Szkoła ma nowe okno na świat

Papierowe dzienniki trafiły na strych. Zastąpiły je elektroniczne, dostępne w internecie. Rewolucja w wiejskiej placówce stała się możliwa, gdy pojawił się światłowód a wraz z nim szybki internet.

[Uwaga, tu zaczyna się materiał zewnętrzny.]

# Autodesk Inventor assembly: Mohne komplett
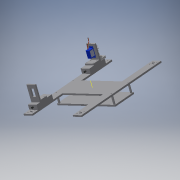
[picture p0: Inventor's stored thumbnail of the model, 180x180]
Saved by Autodesk Inventor 2018 (Build 220112000, 112)
## iProperties
Created: 2018-01-26
Part Number: Mohne komplett
Material: Generisch
Document SubType Name: Assembly
Designer: fhinstall
Author: fhinstall
## Documents named in this file (13)
- C:\Users\gchri\OneDrive\Development\RTW\03_Konstruktion\Mohne komplett.iam
- C:\Users\gchri\OneDrive\Development\RTW\03_Konstruktion\Metall Stab M5.ipt
- C:\Users\gchri\OneDrive\Development\RTW\03_Konstruktion\zweites Teil rotorachse.ipt
- C:\Users\gchri\OneDrive\Development\RTW\03_Konstruktion\Gegenstück Rotorachse.ipt
- C:\Users\gchri\OneDrive\Development\RTW\03_Konstruktion\L-Halterung Servo.ipt
- C:\Users\gchri\OneDrive\Development\RTW\03_Konstruktion\chassis mit motorlöcher.ipt
- C:\Users\gchri\OneDrive\Development\RTW\03_Konstruktion\Platzhalter Zylinder Klein.ipt
- C:\Users\gchri\OneDrive\Development\RTW\03_Konstruktion\L-Halterung Servo_MIR.ipt
- C:\Users\gchri\OneDrive\Development\RTW\03_Konstruktion\Gegenstück Rotorachse_MIR.ipt
- C:\Users\gchri\OneDrive\Development\RTW\03_Konstruktion\zweites Teil rotorachse_MIR.ipt
- C:\Users\gchri\OneDrive\Development\RTW\03_Konstruktion\Metall Stab M5_MIR.ipt
- C:\Users\gchri\OneDrive\Development\RTW\03_Konstruktion\Chassis-2.ipt
- C:\Users\gchri\OneDrive\Development\RTW\03_Konstruktion\StirnradUNDServo.iam
## Components (15 placed, 12 different names)
1. chassis mit motorlöcher:1 — Passend:4, Fluchtend:7, Fluchtend:8, Passend:6, Fluchtend:11, Fluchtend:12, Drehbar:1, Drehbar:2, Starr:1, Drehbar:3, Passend:7, Winkel:1, Passend:9, Fluchtend:15, Fluchtend:16, Passend:10, Fluchtend:17, Fluchtend:18
2. L-Halterung Servo:2 — Passend:5, Fluchtend:9, Fluchtend:10
3. Gegenstück Rotorachse:2 — Passend:4, Fluchtend:7, Fluchtend:8, Passend:5, Fluchtend:9, Fluchtend:10, Zylindrisch:2
4. zweites Teil rotorachse:2 — Passend:6, Fluchtend:11, Fluchtend:12
5. Metall Stab M5:2 — Zylindrisch:2
6. Platzhalter Zylinder Klein:1 — Drehbar:2
7. Platzhalter Zylinder Klein:2 — Starr:1, Drehbar:4
8. Platzhalter Zylinder Klein:3 — Drehbar:1
9. Platzhalter Zylinder Klein:4 — Drehbar:3, Drehbar:5
10. L-Halterung Servo_MIR:1 — Fluchtend:13, Fluchtend:14, Passend:8, Passend:12, Passend:13
11. Gegenstück Rotorachse_MIR:1 — Fluchtend:13, Fluchtend:14, Passend:8, Zylindrisch:3, Passend:9, Fluchtend:15, Fluchtend:16
12. zweites Teil rotorachse_MIR:1 — Passend:10, Fluchtend:17, Fluchtend:18
13. Metall Stab M5_MIR:1 — Zylindrisch:3
14. Chassis-2:1 — Drehbar:4, Drehbar:5
15. StirnradUNDServo:1 [sub-assembly] — Passend:12, Passend:13
## Relationships (30: Flush 12, Mate 9, RevoluteJoint 5, CylindricalJoint 2, WeldJoint 1, Angle 1)
- Passend:4 [Mate]: chassis mit motorlöcher:1 ↔ Gegenstück Rotorachse:2
- Fluchtend:7 [Flush] (40 mm): chassis mit motorlöcher:1 ↔ Gegenstück Rotorachse:2
- Fluchtend:8 [Flush]: chassis mit motorlöcher:1 ↔ Gegenstück Rotorachse:2
- Passend:5 [Mate]: L-Halterung Servo:2 ↔ Gegenstück Rotorachse:2
- Fluchtend:9 [Flush]: L-Halterung Servo:2 ↔ Gegenstück Rotorachse:2
- Fluchtend:10 [Flush]: L-Halterung Servo:2 ↔ Gegenstück Rotorachse:2
- Passend:6 [Mate]: chassis mit motorlöcher:1 ↔ zweites Teil rotorachse:2
- Fluchtend:11 [Flush]: chassis mit motorlöcher:1 ↔ zweites Teil rotorachse:2
- Fluchtend:12 [Flush] (25 mm): chassis mit motorlöcher:1 ↔ zweites Teil rotorachse:2
- Zylindrisch:2 [CylindricalJoint]: Gegenstück Rotorachse:2 ↔ Metall Stab M5:2
- Drehbar:1 [RevoluteJoint]: chassis mit motorlöcher:1 ↔ Platzhalter Zylinder Klein:3
- Drehbar:2 [RevoluteJoint]: chassis mit motorlöcher:1 ↔ Platzhalter Zylinder Klein:1
- Starr:1 [WeldJoint]: chassis mit motorlöcher:1 ↔ Platzhalter Zylinder Klein:2
- Drehbar:3 [RevoluteJoint]: chassis mit motorlöcher:1 ↔ Platzhalter Zylinder Klein:4
- Passend:7 [Mate]: chassis mit motorlöcher:1
- Winkel:1 [Angle] (90 deg): chassis mit motorlöcher:1
- Fluchtend:13 [Flush]: L-Halterung Servo_MIR:1 ↔ Gegenstück Rotorachse_MIR:1
- Fluchtend:14 [Flush]: L-Halterung Servo_MIR:1 ↔ Gegenstück Rotorachse_MIR:1
- Passend:8 [Mate]: L-Halterung Servo_MIR:1 ↔ Gegenstück Rotorachse_MIR:1
- Zylindrisch:3 [CylindricalJoint]: Gegenstück Rotorachse_MIR:1 ↔ Metall Stab M5_MIR:1
- Passend:9 [Mate]: chassis mit motorlöcher:1 ↔ Gegenstück Rotorachse_MIR:1
- Fluchtend:15 [Flush]: chassis mit motorlöcher:1 ↔ Gegenstück Rotorachse_MIR:1
- Fluchtend:16 [Flush] (-40 mm): chassis mit motorlöcher:1 ↔ Gegenstück Rotorachse_MIR:1
- Passend:10 [Mate]: chassis mit motorlöcher:1 ↔ zweites Teil rotorachse_MIR:1
- Fluchtend:17 [Flush]: chassis mit motorlöcher:1 ↔ zweites Teil rotorachse_MIR:1
- Fluchtend:18 [Flush] (25 mm): chassis mit motorlöcher:1 ↔ zweites Teil rotorachse_MIR:1
- Drehbar:4 [RevoluteJoint]: Platzhalter Zylinder Klein:2 ↔ Chassis-2:1
- Drehbar:5 [RevoluteJoint]: Platzhalter Zylinder Klein:4 ↔ Chassis-2:1
- Passend:12 [Mate]: L-Halterung Servo_MIR:1 ↔ StirnradUNDServo:1
- Passend:13 [Mate]: L-Halterung Servo_MIR:1 ↔ StirnradUNDServo:1

By dostać się z Bobrka do Chełmka trzeba wytrwałości. W kierunku centrum gminy kursuje tylko kilka autobusów dziennie. By nawiązać wirtualny kontakt z Sydney czy Nowym Jorkiem wystarczy parę sekund.

Oferta PMC
– Takie unowocześnienie szkoły nie byłoby możliwe, gdyby nie oferta firmy Promarket Computers (PMC) z Oświęcimia. Nie wierzyłem w nią. Sądziłem, że szybko wszystko przejmie telekomunikacja, która uruchomi światłowody na swoich łączach. To się na pewno stanie, ale po stronie instytucji będzie to światłowód do jakiejś tam prędkości. U Krzyśka (Krzysztof Nykiel, współwłaściciel Promarket Computers – przyp. aut.) gdy podpisałem umowę na internet o prędkości 100 megabitów, to mam 100 czy 110. W telekomunikacji miałbym 70 może 80 – stwierdza Bogdan Kowalczyk, dyrektor zarządzający przedszkolem, podstawówką i gimnazjum w Bobrku, wsi liczącej niespełna dwa tysiące ludzi, leżącej w gminie Chełmek.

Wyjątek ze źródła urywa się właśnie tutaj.